Revenons à la musique. Au fur et à mesure que la soirée s'écoule, l'orchestre semble retrouver des couleurs, jusqu'à un très beau finale. Les choeurs, qui jouent un grand rôle dans Faust, sont vraiment très bien. Les solistes ne déméritent pas, à commencer par le Faust de Piotr Beczala, rôle exigeant s'il en est. Et puis, le plaisir de cet opéra reste tout de même qu'on enchaîne les airs qui sont devenus des "tubes" du chant lyrique, à commencer par l'Air des bijoux bien sûr, que tous les lecteurs de Tintin connaissant bien, et que le capitaine Haddock craint plus que tout. Mais aussi Le veau d'or, Salut, demeure chaste et pure, Gloire immortelle de nos aïeux, Faites-lui mes aveux, etc. Autant de mélodies qui ont marqué leur époque et sont passées dans l'oreille collective. 

Le caractère assez wagnérien de cet opéra, composé après Lohengrin mais avant Tristan, m'apparaît plus clairement aujourd'hui. La séparation entre les numéros, la distinction entre airs et récitatifs  s'estompe jusqu'à disparaître. Et certains motifs sont associés à des personnages ou à des idées (Faust, Marguerite mais aussi l'amour, la mort, la rédemption) et réutilisés tout au long de l'opéra.

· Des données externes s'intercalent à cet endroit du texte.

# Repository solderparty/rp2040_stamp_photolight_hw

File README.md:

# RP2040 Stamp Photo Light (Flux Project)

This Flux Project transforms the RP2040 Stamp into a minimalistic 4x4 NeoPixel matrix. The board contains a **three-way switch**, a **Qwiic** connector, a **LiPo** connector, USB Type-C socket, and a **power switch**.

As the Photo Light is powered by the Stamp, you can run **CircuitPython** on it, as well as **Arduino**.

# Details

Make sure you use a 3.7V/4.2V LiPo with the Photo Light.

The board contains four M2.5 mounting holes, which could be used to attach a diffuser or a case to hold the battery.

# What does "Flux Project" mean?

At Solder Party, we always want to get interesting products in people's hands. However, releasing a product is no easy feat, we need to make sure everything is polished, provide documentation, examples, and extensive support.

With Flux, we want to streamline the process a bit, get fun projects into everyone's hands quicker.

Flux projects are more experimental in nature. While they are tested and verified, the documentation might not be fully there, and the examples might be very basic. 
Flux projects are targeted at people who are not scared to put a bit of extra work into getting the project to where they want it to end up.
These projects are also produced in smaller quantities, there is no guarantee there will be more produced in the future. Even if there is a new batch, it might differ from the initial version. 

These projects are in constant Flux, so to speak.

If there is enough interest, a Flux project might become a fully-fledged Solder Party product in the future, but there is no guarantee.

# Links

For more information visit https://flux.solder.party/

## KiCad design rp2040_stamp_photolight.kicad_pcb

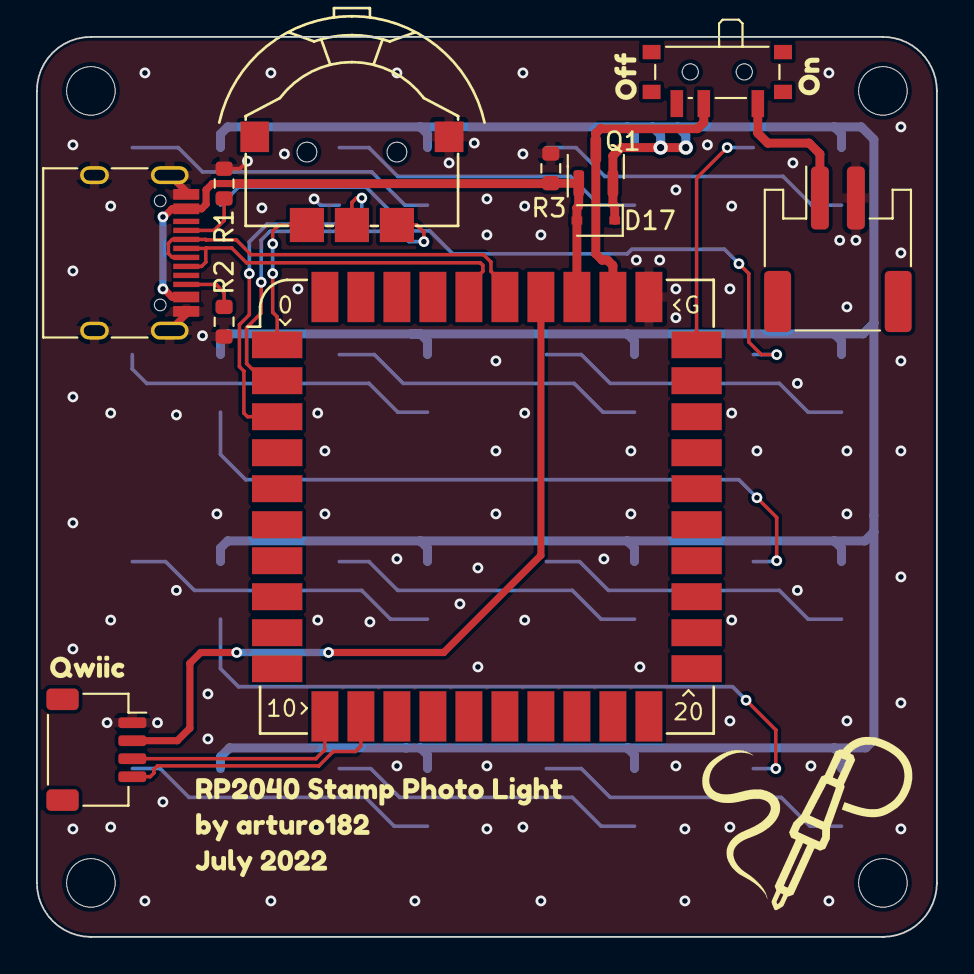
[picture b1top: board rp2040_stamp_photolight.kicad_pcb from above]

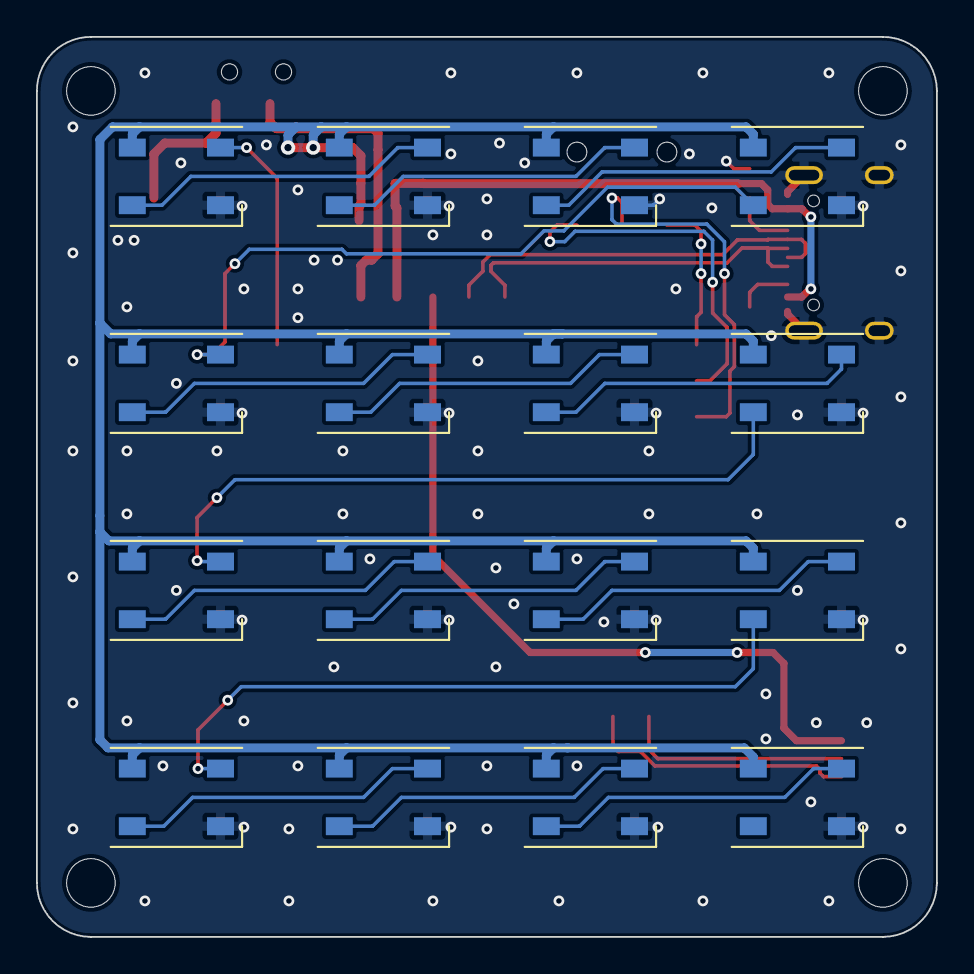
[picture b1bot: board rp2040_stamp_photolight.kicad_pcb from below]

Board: 2 copper layers, 50.0 x 50.0 mm, 31 parts (16 on the bottom side), 31 nets.

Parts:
D1, D2, D3, D4, D5, D6, D7, D8, D9, D10, D11, D12, D13, D14, D15, D16: WS2812C; LED_WS2812B_PLCC4_5.0x5.0mm_P3.2mm
D17: D_Schottky_Small; D_SOD-323
J1: USB_C_Receptacle_USB2.0; USB_C_Receptacle_HRO_TYPE-C-31-M-12
J2: Conn_Qwiic; JST_SH_SM04B-SRSS-TB_1x04-1MP_P1.00mm_Horizontal
J3: Conn_Batt; JST_PH_S2B-PH-SM4-TB_1x02-1MP_P2.00mm_Horizontal
Q1: BSS84; SOT-23
R1, R2: 5.1K; R_0603_1608Metric
R3: 100K; R_0603_1608Metric
SW1: SW_POWER; SW_SPDT_PCM12
U1: RP2040_Stamp; RP2040_Stamp_SMD
U2: SW_Rocker; MCPL3-AC-V
kibuzzard-62CB65A7: G***; kibuzzard-62CB65A7
kibuzzard-62CB65FC: G***; kibuzzard-62CB65FC
kibuzzard-62CB6586: G***; kibuzzard-62CB6586
kibuzzard-62CB6590: G***; kibuzzard-62CB6590

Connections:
+3.3V: J2.2, U1.34 (3.3V)
+5V: D17.2 (A), J1.A4 (VBUS), J1.A9 (VBUS), J1.B4 (VBUS), J1.B9 (VBUS), Q1.1 (G), R3.2, U1.33 (5V)
+BATT: Q1.3 (D), SW1.2 (B), U1.32 (VBAT)
/NEOPIXEL: D1.4 (DIN), U1.30 (GPIO29)
/SCL: J2.4, U1.12 (GPIO11)
/SDA: J2.3, U1.11 (GPIO10)
/SW_CENTER: U1.3 (GPIO2), U2.T
/SW_LEFT: U1.2 (GPIO1), U2.2
/SW_RIGHT: U1.1 (GPIO0), U2.1
/USB_D+: J1.A6 (D+), J1.B6 (D+), U1.36 (USB_D+)
/USB_D-: J1.A7 (D-), J1.B7 (D-), U1.35 (USB_D-)
GND: D1.3 (VSS), D2.3 (VSS), D3.3 (VSS), D4.3 (VSS), D5.3 (VSS), D6.3 (VSS), D7.3 (VSS), D8.3 (VSS), D9.3 (VSS), D10.3 (VSS), D11.3 (VSS), D12.3 (VSS), D13.3 (VSS), D14.3 (VSS), D15.3 (VSS), D16.3 (VSS), J1.A1 (GND), J1.A12 (GND), J1.B1 (GND), J1.B12 (GND), J1.S1 (SHIELD), J2.1, J3.2, R1.2, R2.2, R3.1, U1.31 (GND), U2.C
unnamed: D1.2 (DOUT), D2.4 (DIN)
unnamed: D2.2 (DOUT), D3.4 (DIN)
unnamed: D3.2 (DOUT), D4.4 (DIN)
unnamed: D4.2 (DOUT), D5.4 (DIN)
unnamed: D5.2 (DOUT), D6.4 (DIN)
unnamed: D6.2 (DOUT), D7.4 (DIN)
unnamed: D7.2 (DOUT), D8.4 (DIN)
unnamed: D8.2 (DOUT), D9.4 (DIN)
unnamed: D10.2 (DOUT), D11.4 (DIN)
unnamed: D9.2 (DOUT), D10.4 (DIN)
unnamed: D11.2 (DOUT), D12.4 (DIN)
unnamed: D12.2 (DOUT), D13.4 (DIN)
unnamed: D13.2 (DOUT), D14.4 (DIN)
unnamed: D14.2 (DOUT), D15.4 (DIN)
unnamed: D15.2 (DOUT), D16.4 (DIN)
unnamed: J1.A5 (CC1), R1.1
unnamed: J1.B5 (CC2), R2.1
unnamed: J3.1, SW1.1 (A)
VDD: D1.1 (VDD), D2.1 (VDD), D3.1 (VDD), D4.1 (VDD), D5.1 (VDD), D6.1 (VDD), D7.1 (VDD), D8.1 (VDD), D9.1 (VDD), D10.1 (VDD), D11.1 (VDD), D12.1 (VDD), D13.1 (VDD), D14.1 (VDD), D15.1 (VDD), D16.1 (VDD), D17.1 (K), Q1.2 (S)

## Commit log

2022-09-21 Rev 1

Cela étant dit, il faut bien reconnaître que l'orchestre de Gounod n'a pas la richesse et la profondeur de celui de Wagner. Ce qui n'a nullement empêché ce Faust de rester un classique indétrônable de l'opéra en langue française, aux côtés d'une poignée d'autres comme la Carmen de Bizet.

En sortant j'ai gardé l'impression d'avoir assisté à un beau spectacle d'opéra, bien écrit, bien chanté, bien joué, bien mis en scène, sans le petit plus qui fait toute la différence. Sans le frisson qui nous ferait vibrer avec les jeunes amants, croire à l'enfer et désirer ardemment la rédemption de la pauvre Marguerite. Ce Faust diablement bourgeois n'empêchera personne de dormir.